(RECORDS FOR PROCESSING)

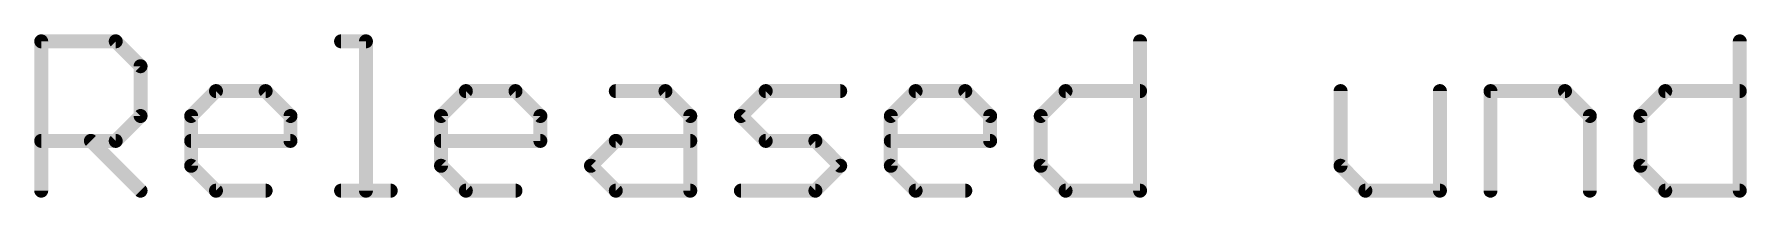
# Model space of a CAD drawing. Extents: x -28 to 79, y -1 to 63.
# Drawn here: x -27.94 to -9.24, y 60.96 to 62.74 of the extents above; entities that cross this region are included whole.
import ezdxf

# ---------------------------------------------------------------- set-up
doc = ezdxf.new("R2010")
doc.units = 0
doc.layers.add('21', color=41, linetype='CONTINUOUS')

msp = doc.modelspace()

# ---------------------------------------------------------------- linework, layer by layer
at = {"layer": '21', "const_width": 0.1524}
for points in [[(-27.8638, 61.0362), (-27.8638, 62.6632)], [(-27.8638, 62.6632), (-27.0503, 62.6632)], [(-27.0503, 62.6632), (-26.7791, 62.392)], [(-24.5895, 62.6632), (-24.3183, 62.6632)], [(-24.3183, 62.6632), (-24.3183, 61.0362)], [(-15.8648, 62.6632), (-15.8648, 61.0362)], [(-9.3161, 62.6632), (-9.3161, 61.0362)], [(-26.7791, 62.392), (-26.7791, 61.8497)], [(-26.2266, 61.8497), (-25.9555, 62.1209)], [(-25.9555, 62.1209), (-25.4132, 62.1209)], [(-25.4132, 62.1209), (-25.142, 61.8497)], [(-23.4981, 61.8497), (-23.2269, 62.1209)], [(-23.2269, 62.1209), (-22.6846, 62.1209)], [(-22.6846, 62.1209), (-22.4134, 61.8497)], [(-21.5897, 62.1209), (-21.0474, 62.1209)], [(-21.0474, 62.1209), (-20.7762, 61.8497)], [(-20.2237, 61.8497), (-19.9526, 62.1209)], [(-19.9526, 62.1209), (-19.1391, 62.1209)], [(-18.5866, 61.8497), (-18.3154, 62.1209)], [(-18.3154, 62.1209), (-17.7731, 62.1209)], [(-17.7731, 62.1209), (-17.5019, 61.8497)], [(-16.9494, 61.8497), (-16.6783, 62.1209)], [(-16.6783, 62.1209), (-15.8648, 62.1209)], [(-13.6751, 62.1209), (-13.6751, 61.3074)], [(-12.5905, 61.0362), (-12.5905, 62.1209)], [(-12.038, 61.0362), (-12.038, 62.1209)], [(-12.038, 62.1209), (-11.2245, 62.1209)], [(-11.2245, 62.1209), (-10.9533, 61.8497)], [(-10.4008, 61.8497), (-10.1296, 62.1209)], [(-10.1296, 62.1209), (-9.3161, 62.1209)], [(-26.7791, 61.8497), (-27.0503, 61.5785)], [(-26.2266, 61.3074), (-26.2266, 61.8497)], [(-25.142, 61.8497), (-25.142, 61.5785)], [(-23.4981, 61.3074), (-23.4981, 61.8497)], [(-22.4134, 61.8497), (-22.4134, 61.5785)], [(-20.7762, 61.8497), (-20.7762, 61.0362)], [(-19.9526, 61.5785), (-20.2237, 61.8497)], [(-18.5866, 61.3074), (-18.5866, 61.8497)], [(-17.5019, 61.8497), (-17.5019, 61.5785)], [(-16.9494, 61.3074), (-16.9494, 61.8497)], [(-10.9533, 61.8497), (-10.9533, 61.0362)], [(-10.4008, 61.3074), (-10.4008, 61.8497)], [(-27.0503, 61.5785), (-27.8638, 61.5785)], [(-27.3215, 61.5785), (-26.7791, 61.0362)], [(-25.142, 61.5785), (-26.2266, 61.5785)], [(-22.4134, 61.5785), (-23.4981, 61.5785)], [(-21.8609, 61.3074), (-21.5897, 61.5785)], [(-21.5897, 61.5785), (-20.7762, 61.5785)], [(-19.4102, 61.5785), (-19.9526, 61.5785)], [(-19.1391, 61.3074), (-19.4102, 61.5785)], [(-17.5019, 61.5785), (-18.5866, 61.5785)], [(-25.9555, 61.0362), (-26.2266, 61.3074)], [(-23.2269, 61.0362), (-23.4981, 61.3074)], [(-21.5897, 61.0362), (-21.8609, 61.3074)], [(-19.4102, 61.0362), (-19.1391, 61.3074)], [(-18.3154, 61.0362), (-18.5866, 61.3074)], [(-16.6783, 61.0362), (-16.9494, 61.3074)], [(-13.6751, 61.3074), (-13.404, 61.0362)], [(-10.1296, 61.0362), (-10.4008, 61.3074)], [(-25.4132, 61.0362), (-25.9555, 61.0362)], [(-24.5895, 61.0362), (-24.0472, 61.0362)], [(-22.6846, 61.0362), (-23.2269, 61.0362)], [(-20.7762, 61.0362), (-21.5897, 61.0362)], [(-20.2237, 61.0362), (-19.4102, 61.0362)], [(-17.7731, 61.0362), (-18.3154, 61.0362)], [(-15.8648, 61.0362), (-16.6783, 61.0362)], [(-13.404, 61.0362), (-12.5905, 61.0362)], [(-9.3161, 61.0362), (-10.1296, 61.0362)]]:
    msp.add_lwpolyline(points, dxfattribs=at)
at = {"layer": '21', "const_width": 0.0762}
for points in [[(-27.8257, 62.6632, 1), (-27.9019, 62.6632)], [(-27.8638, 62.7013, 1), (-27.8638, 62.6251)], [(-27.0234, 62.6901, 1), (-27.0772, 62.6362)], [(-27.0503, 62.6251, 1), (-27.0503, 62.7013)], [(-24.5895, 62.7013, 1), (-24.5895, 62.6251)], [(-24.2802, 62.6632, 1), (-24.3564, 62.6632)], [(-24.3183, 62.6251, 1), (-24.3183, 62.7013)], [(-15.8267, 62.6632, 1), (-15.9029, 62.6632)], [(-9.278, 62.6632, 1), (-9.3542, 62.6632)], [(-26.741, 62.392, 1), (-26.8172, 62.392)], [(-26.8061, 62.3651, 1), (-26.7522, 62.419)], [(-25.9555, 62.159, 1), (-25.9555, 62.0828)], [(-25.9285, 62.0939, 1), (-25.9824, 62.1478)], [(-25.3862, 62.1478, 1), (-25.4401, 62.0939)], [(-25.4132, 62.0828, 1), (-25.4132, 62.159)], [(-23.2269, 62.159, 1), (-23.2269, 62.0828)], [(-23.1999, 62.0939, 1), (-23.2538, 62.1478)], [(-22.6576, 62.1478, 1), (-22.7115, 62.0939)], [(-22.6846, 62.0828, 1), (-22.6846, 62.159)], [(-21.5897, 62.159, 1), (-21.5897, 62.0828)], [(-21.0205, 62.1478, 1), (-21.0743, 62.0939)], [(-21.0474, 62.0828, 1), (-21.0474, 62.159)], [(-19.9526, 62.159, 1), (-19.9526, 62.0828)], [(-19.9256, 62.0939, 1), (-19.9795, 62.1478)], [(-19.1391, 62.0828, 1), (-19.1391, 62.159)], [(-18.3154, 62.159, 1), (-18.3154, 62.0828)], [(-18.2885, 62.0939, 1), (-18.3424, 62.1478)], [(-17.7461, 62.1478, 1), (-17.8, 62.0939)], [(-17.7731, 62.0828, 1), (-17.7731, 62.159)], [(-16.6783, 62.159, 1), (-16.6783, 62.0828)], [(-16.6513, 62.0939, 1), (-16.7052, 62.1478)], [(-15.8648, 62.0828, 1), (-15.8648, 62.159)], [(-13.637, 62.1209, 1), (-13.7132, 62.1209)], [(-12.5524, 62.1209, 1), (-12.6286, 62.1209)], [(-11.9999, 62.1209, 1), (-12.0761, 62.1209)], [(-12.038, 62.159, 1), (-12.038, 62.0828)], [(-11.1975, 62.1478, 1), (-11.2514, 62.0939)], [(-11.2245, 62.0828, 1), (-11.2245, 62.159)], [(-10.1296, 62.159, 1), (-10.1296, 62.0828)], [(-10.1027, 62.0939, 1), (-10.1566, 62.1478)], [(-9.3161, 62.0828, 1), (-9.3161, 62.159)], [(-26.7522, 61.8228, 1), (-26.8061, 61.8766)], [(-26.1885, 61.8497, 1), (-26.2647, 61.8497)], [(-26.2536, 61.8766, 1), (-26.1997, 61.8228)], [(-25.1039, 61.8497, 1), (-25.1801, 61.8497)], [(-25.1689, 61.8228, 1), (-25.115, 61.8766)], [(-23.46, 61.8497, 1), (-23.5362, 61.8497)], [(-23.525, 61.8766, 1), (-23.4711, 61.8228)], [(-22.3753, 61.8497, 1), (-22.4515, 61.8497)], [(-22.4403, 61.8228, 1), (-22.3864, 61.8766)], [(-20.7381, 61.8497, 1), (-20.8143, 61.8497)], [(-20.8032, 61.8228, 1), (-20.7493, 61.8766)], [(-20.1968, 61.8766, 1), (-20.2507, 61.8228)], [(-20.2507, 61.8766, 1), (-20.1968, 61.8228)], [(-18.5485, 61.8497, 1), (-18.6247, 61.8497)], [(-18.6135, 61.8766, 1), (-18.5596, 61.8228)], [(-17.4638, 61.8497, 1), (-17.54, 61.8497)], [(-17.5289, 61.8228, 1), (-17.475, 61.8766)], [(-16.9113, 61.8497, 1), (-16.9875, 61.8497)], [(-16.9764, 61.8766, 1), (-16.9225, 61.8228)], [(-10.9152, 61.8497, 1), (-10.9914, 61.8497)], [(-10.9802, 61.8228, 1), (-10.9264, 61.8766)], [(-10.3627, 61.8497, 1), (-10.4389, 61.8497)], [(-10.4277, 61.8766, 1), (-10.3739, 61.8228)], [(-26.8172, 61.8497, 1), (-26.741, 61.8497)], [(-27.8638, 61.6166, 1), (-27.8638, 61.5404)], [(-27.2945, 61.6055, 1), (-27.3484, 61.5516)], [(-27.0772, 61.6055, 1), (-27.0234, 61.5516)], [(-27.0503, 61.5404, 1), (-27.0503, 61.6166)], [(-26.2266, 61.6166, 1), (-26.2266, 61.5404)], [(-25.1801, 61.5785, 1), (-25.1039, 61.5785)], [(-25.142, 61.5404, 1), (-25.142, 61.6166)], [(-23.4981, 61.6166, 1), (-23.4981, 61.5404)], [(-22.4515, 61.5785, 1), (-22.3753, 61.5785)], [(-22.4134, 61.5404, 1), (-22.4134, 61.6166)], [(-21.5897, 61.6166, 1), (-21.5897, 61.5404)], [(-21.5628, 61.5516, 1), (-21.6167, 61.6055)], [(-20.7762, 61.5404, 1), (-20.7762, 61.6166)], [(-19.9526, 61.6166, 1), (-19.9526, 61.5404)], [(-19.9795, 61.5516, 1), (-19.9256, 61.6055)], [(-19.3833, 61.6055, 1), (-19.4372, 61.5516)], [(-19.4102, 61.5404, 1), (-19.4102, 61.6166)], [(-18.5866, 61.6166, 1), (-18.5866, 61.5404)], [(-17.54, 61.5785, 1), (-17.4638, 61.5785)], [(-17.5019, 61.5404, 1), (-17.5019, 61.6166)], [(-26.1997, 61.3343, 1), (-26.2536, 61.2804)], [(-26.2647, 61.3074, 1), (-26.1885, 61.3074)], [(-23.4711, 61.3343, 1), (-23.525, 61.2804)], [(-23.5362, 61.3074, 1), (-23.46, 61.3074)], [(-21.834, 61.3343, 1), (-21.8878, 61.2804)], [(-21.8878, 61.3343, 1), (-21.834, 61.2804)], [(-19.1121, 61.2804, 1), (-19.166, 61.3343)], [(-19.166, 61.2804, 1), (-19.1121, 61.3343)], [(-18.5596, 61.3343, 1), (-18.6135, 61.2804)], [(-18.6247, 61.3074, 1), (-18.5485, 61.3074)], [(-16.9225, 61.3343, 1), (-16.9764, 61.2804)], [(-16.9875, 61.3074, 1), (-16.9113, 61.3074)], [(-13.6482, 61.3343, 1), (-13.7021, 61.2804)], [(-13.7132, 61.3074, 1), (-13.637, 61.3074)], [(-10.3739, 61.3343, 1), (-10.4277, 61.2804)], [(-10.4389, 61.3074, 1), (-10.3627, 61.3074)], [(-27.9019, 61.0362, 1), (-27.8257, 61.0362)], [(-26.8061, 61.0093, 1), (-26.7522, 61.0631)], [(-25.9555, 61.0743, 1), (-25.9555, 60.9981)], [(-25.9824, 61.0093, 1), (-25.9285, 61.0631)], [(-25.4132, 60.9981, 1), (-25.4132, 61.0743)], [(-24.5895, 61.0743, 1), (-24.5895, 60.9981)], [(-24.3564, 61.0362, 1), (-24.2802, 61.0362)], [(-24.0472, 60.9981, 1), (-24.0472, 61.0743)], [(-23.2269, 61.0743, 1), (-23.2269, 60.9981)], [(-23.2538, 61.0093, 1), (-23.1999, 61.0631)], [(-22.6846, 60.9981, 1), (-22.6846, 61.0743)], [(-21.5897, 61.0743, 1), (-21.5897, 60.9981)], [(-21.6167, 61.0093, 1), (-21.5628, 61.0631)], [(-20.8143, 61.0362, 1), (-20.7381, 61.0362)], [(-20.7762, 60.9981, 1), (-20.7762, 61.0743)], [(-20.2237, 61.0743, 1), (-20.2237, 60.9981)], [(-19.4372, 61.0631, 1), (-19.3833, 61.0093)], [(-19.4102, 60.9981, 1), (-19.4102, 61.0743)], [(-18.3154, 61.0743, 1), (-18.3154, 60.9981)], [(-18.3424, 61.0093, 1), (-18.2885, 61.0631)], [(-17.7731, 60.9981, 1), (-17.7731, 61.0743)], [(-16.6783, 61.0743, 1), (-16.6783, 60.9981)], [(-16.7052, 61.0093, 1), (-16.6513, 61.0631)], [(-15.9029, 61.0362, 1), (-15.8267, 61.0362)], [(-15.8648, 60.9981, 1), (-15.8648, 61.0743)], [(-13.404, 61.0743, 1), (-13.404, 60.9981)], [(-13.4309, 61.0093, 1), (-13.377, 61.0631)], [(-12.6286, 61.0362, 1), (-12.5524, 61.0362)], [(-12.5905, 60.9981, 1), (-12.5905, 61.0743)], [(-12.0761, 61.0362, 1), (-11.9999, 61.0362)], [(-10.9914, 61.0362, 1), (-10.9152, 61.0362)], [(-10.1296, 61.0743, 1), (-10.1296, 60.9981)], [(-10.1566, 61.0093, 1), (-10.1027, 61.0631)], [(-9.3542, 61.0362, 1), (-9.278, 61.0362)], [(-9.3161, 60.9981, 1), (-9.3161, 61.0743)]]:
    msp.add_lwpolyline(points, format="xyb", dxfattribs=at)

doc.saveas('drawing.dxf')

(End RECORDS FOR PROCESSING)

YOUR ASSIGNMENT
Copy every line of the material above in which the word "dxfattribs" appears.

RESULT FOR THIS EXERCISE
    msp.add_lwpolyline(points, dxfattribs=at)
    msp.add_lwpolyline(points, format="xyb", dxfattribs=at)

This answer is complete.